The stories in WDIPTTOMF are short and whimsical. Most of them are surreal one-gag affairs, like the story about a man buried up to his jaw, and the humor is derived more from the strangeness of the stories more than a punchline. There’s not much plot to speak of–these vignettes barely qualify as one-acters– and the stories stand or fall mainly on Wiegle’s wavy, thin-lined art style.
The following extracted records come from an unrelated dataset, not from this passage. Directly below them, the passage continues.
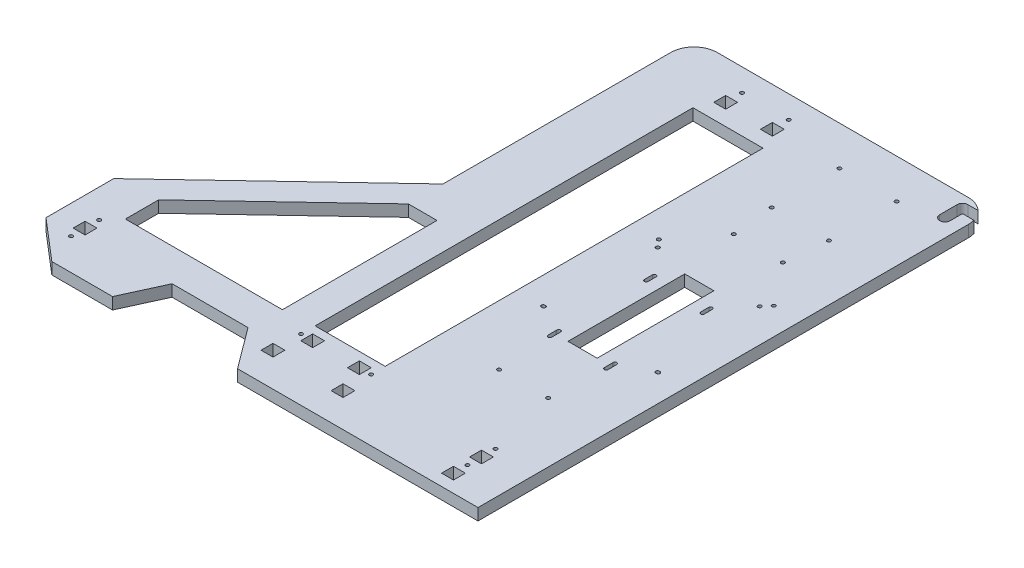
SolidWorks part; units mm, degrees
ref_plane "Front Plane" through (0, 0, 0) normal (0, 0, 1) x (1, 0, 0)
ref_plane "Top Plane" through (0, 0, 0) normal (0, 1, 0) x (1, 0, 0)
ref_plane "Right Plane" through (0, 0, 0) normal (1, 0, 0) x (0, 0, -1)
sketch "Sketch1" plane through (0, 0, 0) normal (0, 1, 0) x (1, 0, 0)
  line L0 (0, 0) -> (-235, 0)
  line L1 (-235, 0) -> (-235, -215)
  line L2 (-235, -215) -> (-380, -352)
  line L3 (-380, -352) -> (-380, -410)
  line L4 (-380, -410) -> (-345, -440)
  line L5 (-345, -440) -> (-293, -440)
  line L6 (-293, -440) -> (-277, -405)
  line L7 (-277, -405) -> (-212, -405)
  line L8 (-212, -405) -> (-185.9255, -440)
  line L9 (-185.9255, -440) -> (0, -440)
  line L10 (0, 0) -> (0, -440)
  line L12 (-293, -440) -> (-185.9255, -440) construction
  dimension "D3" = 235
  dimension "D5" = 58
  dimension "D13" = 190
  dimension "D7" = 35
  dimension "D2" = 126.686
  dimension "D11" = 65
  dimension "D15" = 52
  dimension "D12" = 30
  dimension "D10" = 35
  dimension "D14" = 16
  dimension "D6" = 380
  dimension "D4" = 440
extrude "Boss-Extrude1" add sketch "Sketch1" along normal blind 10
sketch "Sketch16" plane through (0, 10, 0) normal (0, 1, 0) x (1, 0, 0)
  line L0 (0, -440) -> (20, -440)
  line L1 (20, -440) -> (20, 0)
  line L2 (20, 0) -> (0, 0)
  line L3 (0, 0) -> (0, -440)
  dimension "D1" = 20
  dimension "D2" = 90
extrude "Boss-Extrude2" add sketch "Sketch16" against normal through all
sketch "Sketch2" plane through (0, 10, 0) normal (0, 1, 0) x (1, 0, 0)
  line L0 (-235, -215) -> (-235, -405) construction
  line L1 (-277, -405) -> (-212, -405) construction
  line L2 (-345, -440) -> (-345, -318.931) construction
  line L3 (-235, -215) -> (-380, -352) construction
  line L4 (-345, -348.5097) -> (-235, -244.5787)
  line L5 (-235, -244.5787) -> (-210.5, -244.5787)
  line L6 (-210.5, -244.5787) -> (-210.5, -377)
  line L7 (-210.5, -377) -> (-345, -377)
  line L8 (-345, -377) -> (-345, -348.5097)
  line L9 (0, -440) -> (0, 0) construction
  line L10 (-184.5, -375) -> (-124.5, -375)
  line L11 (-184.5, -375) -> (-184.5, -51.35)
  line L12 (-184.5, -51.35) -> (-124.5, -51.35)
  line L13 (-124.5, -375) -> (-124.5, -51.35)
  line L14 (-124.5, -387.1) -> (-184.5, -387.1) construction
  line L15 (-16, -440) -> (-16, 0) construction
  line L16 (20, 0) -> (-235, 0) construction
  line L17 (-355.55, -430.9571) -> (-355.55, -328.899) construction
  line L18 (-21.1, -430.1) -> (-10.9, -430.1)
  line L19 (-21.1, -430.1) -> (-21.1, -419.9)
  line L20 (-21.1, -419.9) -> (-10.9, -419.9)
  line L21 (-10.9, -430.1) -> (-10.9, -419.9)
  line L22 (-21.1, -430.1) -> (-10.9, -419.9) construction
  line L23 (-21.1, -419.9) -> (-10.9, -430.1) construction
  line L24 (-21.1, -406.1) -> (-10.9, -406.1)
  line L25 (-21.1, -406.1) -> (-21.1, -395.9)
  line L26 (-21.1, -395.9) -> (-10.9, -395.9)
  line L27 (-10.9, -406.1) -> (-10.9, -395.9)
  line L28 (-21.1, -406.1) -> (-10.9, -395.9) construction
  line L29 (-21.1, -395.9) -> (-10.9, -406.1) construction
  line L30 (-380, -410) -> (-345, -440) construction
  line L32 (-350.45, -395.9) -> (-360.65, -395.9)
  line L33 (-350.45, -395.9) -> (-350.45, -406.1)
  line L34 (-350.45, -406.1) -> (-360.65, -406.1)
  line L35 (-360.65, -395.9) -> (-360.65, -406.1)
  line L36 (-350.45, -395.9) -> (-360.65, -406.1) construction
  line L37 (-350.45, -406.1) -> (-360.65, -395.9) construction
  line L38 (-185.9255, -440) -> (20, -440) construction
  line L39 (-185.9255, -440) -> (20, -440) construction
  line L40 (-173.924, -33.35) -> (-113.924, -33.35) construction
  line L41 (-154.5, -51.35) -> (-154.5, -33.35) construction
  line L42 (-179.6, -28.25) -> (-169.4, -28.25)
  line L43 (-179.6, -28.25) -> (-179.6, -38.45)
  line L44 (-179.6, -38.45) -> (-169.4, -38.45)
  line L45 (-169.4, -28.25) -> (-169.4, -38.45)
  line L46 (-179.6, -28.25) -> (-169.4, -38.45) construction
  line L47 (-179.6, -38.45) -> (-169.4, -28.25) construction
  line L48 (-129.4, -38.45) -> (-139.6, -28.25) construction
  line L49 (-129.4, -28.25) -> (-139.6, -38.45) construction
  line L50 (-139.6, -28.25) -> (-139.6, -38.45)
  line L51 (-129.4, -38.45) -> (-139.6, -38.45)
  line L52 (-129.4, -28.25) -> (-129.4, -38.45)
  line L53 (-129.4, -28.25) -> (-139.6, -28.25)
  line L54 (-174.5, -33.35) -> (-174.5, -19.35) construction
  line L55 (-134.5, -33.35) -> (-134.5, -19.35) construction
  line L56 (-154.5, -375) -> (-154.5, -440) construction
  line L57 (-174.5, -387.1) -> (-134.5, -387.1) construction
  line L58 (-129.4, -392.2) -> (-139.6, -382) construction
  line L59 (-179.6, -382) -> (-169.4, -382)
  line L60 (-179.6, -382) -> (-179.6, -392.2)
  line L61 (-179.6, -392.2) -> (-169.4, -392.2)
  line L62 (-169.4, -382) -> (-169.4, -392.2)
  line L63 (-179.6, -382) -> (-169.4, -392.2) construction
  line L64 (-179.6, -392.2) -> (-169.4, -382) construction
  line L65 (-129.4, -382) -> (-139.6, -392.2) construction
  line L66 (-139.6, -382) -> (-139.6, -392.2)
  line L67 (-129.4, -392.2) -> (-139.6, -392.2)
  line L68 (-129.4, -382) -> (-129.4, -392.2)
  line L69 (-129.4, -382) -> (-139.6, -382)
  line L70 (-119.4, -416.2) -> (-129.6, -406) construction
  line L71 (-189.6, -406) -> (-179.4, -406)
  line L72 (-189.6, -406) -> (-189.6, -416.2)
  line L73 (-189.6, -416.2) -> (-179.4, -416.2)
  line L74 (-179.4, -406) -> (-179.4, -416.2)
  line L75 (-189.6, -406) -> (-179.4, -416.2) construction
  line L76 (-189.6, -416.2) -> (-179.4, -406) construction
  line L77 (-119.4, -406) -> (-129.6, -416.2) construction
  line L78 (-129.6, -406) -> (-129.6, -416.2)
  line L79 (-119.4, -416.2) -> (-129.6, -416.2)
  line L80 (-119.4, -406) -> (-119.4, -416.2)
  line L81 (-119.4, -406) -> (-129.6, -406)
  line L82 (-360.65, -395.9) -> (-10.9, -395.9) construction
  circle A0 centre (-16, -413) radius 1.55
  circle A1 centre (-16, -389) radius 1.55
  circle A2 centre (-355.55, -413) radius 1.55
  circle A3 centre (-355.55, -389) radius 1.55
  circle A4 centre (-174.5, -19.35) radius 1.55
  circle A5 centre (-134.5, -19.35) radius 1.55
  circle A6 centre (-124.5, -387.1) radius 1.55
  circle A7 centre (-184.5, -387.1) radius 1.55
  point P25 (-16, -425)
  point P30 (-16, -401)
  point P44 (-355.55, -401)
  point P61 (-174.5, -33.35)
  point P72 (-134.5, -33.35)
  point P85 (-174.5, -387.1)
  point P94 (-134.5, -387.1)
  point P95 (-184.5, -411.1)
  point P104 (-124.5, -411.1)
  point P105 (-154.5, -387.1)
  dimension "D13" = 3.1
  dimension "D14" = 3.1
  dimension "D23" = 3.1
  dimension "D24" = 3.1
  dimension "D31" = 3.1
  dimension "D37" = 3.1
  dimension "D1" = 21.5
  dimension "D2" = 28
  dimension "D3" = 24.5
  dimension "D4" = 60
  dimension "D7" = 26
  dimension "D8" = 10.2
  dimension "D9" = 10.2
  dimension "D10" = 10.2
  dimension "D11" = 10.2
  dimension "D12" = 24
  dimension "D15" = 24
  dimension "D19" = 10.2
  dimension "D20" = 10.2
  dimension "D26" = 12
  dimension "D27" = 10.2
  dimension "D28" = 10.2
  dimension "D33" = 10.2
  dimension "D38" = 10.2
  dimension "D39" = 10.2
  dimension "D41" = 24
  dimension "D34" = 30
  dimension "D36" = 12.1
  dimension "D30" = 18
  dimension "D29" = 40
  dimension "D17" = 15
  dimension "D32" = 14
  dimension "D35" = 20
  dimension "D16" = 12
  dimension "D21" = 90
  dimension "D25" = 24
  dimension "D5" = 353.75
  dimension "D22" = 349.75
  dimension "D40" = 30
  dimension "D6" = 65
  dimension "D42" = 0
  dimension "D43" = 0
  dimension "D18" = 16
extrude "Cut-Extrude1" cut sketch "Sketch2" against normal through all
fillet "Fillet1" radius 20 2 edges at (-235, 5, 0) (20, 5, 0)
sketch "Sketch11" [suppressed] plane through (0, 10, 0) normal (0, 1, 0) x (1, 0, 0)
  line L0 (-124.5, -213.175) -> (20, -213.175) construction
  line L1 (20, -440) -> (20, -20) construction
  line L3 (-52.25, -213.175) -> (-52.25, -440) construction
  line L6 (-124.5, -375) -> (-124.5, -51.35) construction
  line L8 (-185.9255, -440) -> (20, -440) construction
  circle A0 centre (-52.25, -413) radius 12.5
  circle A1 centre (-16, -413) radius 1.55 construction
  dimension "D1" = 25
  dimension "D2" = 0
  dimension "D3" = 0
extrude "WiringHole" [suppressed] cut sketch "Sketch11" against normal through all
sketch "Sketch9" [suppressed] plane through (0, 10, 0) normal (0, 1, 0) x (1, 0, 0)
  line L0 (-52.25, -400.5) -> (-52.25, 0) construction
  line L1 (0, 0) -> (-215, 0) construction
  line L2 (-124.5, -213.175) -> (20, -213.175) construction
  line L3 (-124.5, -375) -> (-124.5, -51.35) construction
  line L4 (-4.75, -124.675) -> (-4.75, -301.675) construction
  line L6 (-99.75, -124.675) -> (-4.75, -124.675) construction
  line L7 (-4.75, -301.675) -> (-99.75, -301.675) construction
  line L8 (-99.75, -301.675) -> (-99.75, -124.675) construction
  line L9 (20, -440) -> (20, -20) construction
  circle A0 centre (-52.25, -413) radius 12.5 construction
  circle A1 centre (-99.75, -124.675) radius 1.55
  circle A2 centre (-4.75, -124.675) radius 1.55
  circle A3 centre (-4.75, -301.675) radius 1.55
  circle A4 centre (-99.75, -301.675) radius 1.55
  dimension "D3" = 3.1
  dimension "D4" = 3.1
  dimension "D1" = 95
  dimension "D2" = 177
  dimension "D5" = 47.5
extrude "MountingHoles-PSU" [suppressed] cut sketch "Sketch9" against normal through all
sketch "Sketch10" plane through (0, 10, 0) normal (0, 1, 0) x (1, 0, 0)
  line L0 (-124.5, -213.175) -> (20, -213.175) construction
  line L1 (20, -440) -> (20, -20) construction
  line L2 (-64.75, -228.175) -> (-39.75, -228.175) construction
  line L3 (-52.25, -213.175) -> (-52.25, 0) construction
  line L7 (-124.5, -375) -> (-124.5, -51.35) construction
  line L8 (-64.75, -278.175) -> (-39.75, -278.175)
  line L9 (-64.75, -278.175) -> (-64.75, -178.175)
  line L10 (-64.75, -178.175) -> (-39.75, -178.175)
  line L11 (-39.75, -278.175) -> (-39.75, -178.175)
  line L12 (-64.75, -278.175) -> (-39.75, -178.175) construction
  line L13 (-64.75, -178.175) -> (-39.75, -278.175) construction
  line L15 (0, 0) -> (-215, 0) construction
  line L17 (-52.25, -213.175) -> (-52.25, -440) construction
  line L18 (-185.9255, -440) -> (20, -440) construction
  line L19 (-64.75, -213.175) -> (-39.75, -213.175) construction
  line L20 (-52.25, -278.175) -> (-52.25, -178.175) construction
  dimension "D1" = 25
  dimension "D2" = 100
  dimension "D3" = 0
  dimension "D4" = 0
  dimension "D5" = 0
  dimension "D6" = 15
extrude "WiringSlot" cut sketch "Sketch10" against normal through all
sketch "CenterLines" plane through (0, 10, 0) normal (0, 1, 0) x (1, 0, 0)
  line L0 (-52.25, -278.175) -> (-52.25, -178.175) construction
  line L1 (-64.75, -278.175) -> (-39.75, -278.175) construction
  line L2 (-39.75, -178.175) -> (-64.75, -178.175) construction
  line L3 (-64.75, -228.175) -> (-39.75, -228.175) construction
  line L4 (-64.75, -178.175) -> (-64.75, -278.175) construction
  line L5 (-39.75, -278.175) -> (-39.75, -178.175) construction
ref_plane "Plane1" through (-52.25, 0, 0) normal (1, 0, 0) x (0, 0, -1)
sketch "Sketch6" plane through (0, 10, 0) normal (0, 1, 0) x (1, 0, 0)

Wiegle’s other strength is his ability to keep the ideas coming. The best piece in the book, the title of which is irreproducible since it’s just a picture of an anchor, is about a tattooed man invading an art gallery showing with the intention of using his power to bring art to life in order to make some ill-defined point. It’s only five pages long, but Wiegle puts a lot in there: a pair of freeloading students only interested in crashing the snack table, a lovelorn art critic, and the tattooed man himself, who’s worked out a system of using his tattoos to support himself in everyday life. Also, David Bowie with his legs chopped off.

In the end, there isn’t much to say about minis like this without just summarizing the already-thin pieces, so posts in The Stack series will probably end up being more review-y than other writeups, using the following as a form of final judgement:

IF MATT WIEGLE EXHIBITS AT THIS YEAR’S APE I WILL: Probably buy another of his minis if I happen across his booth.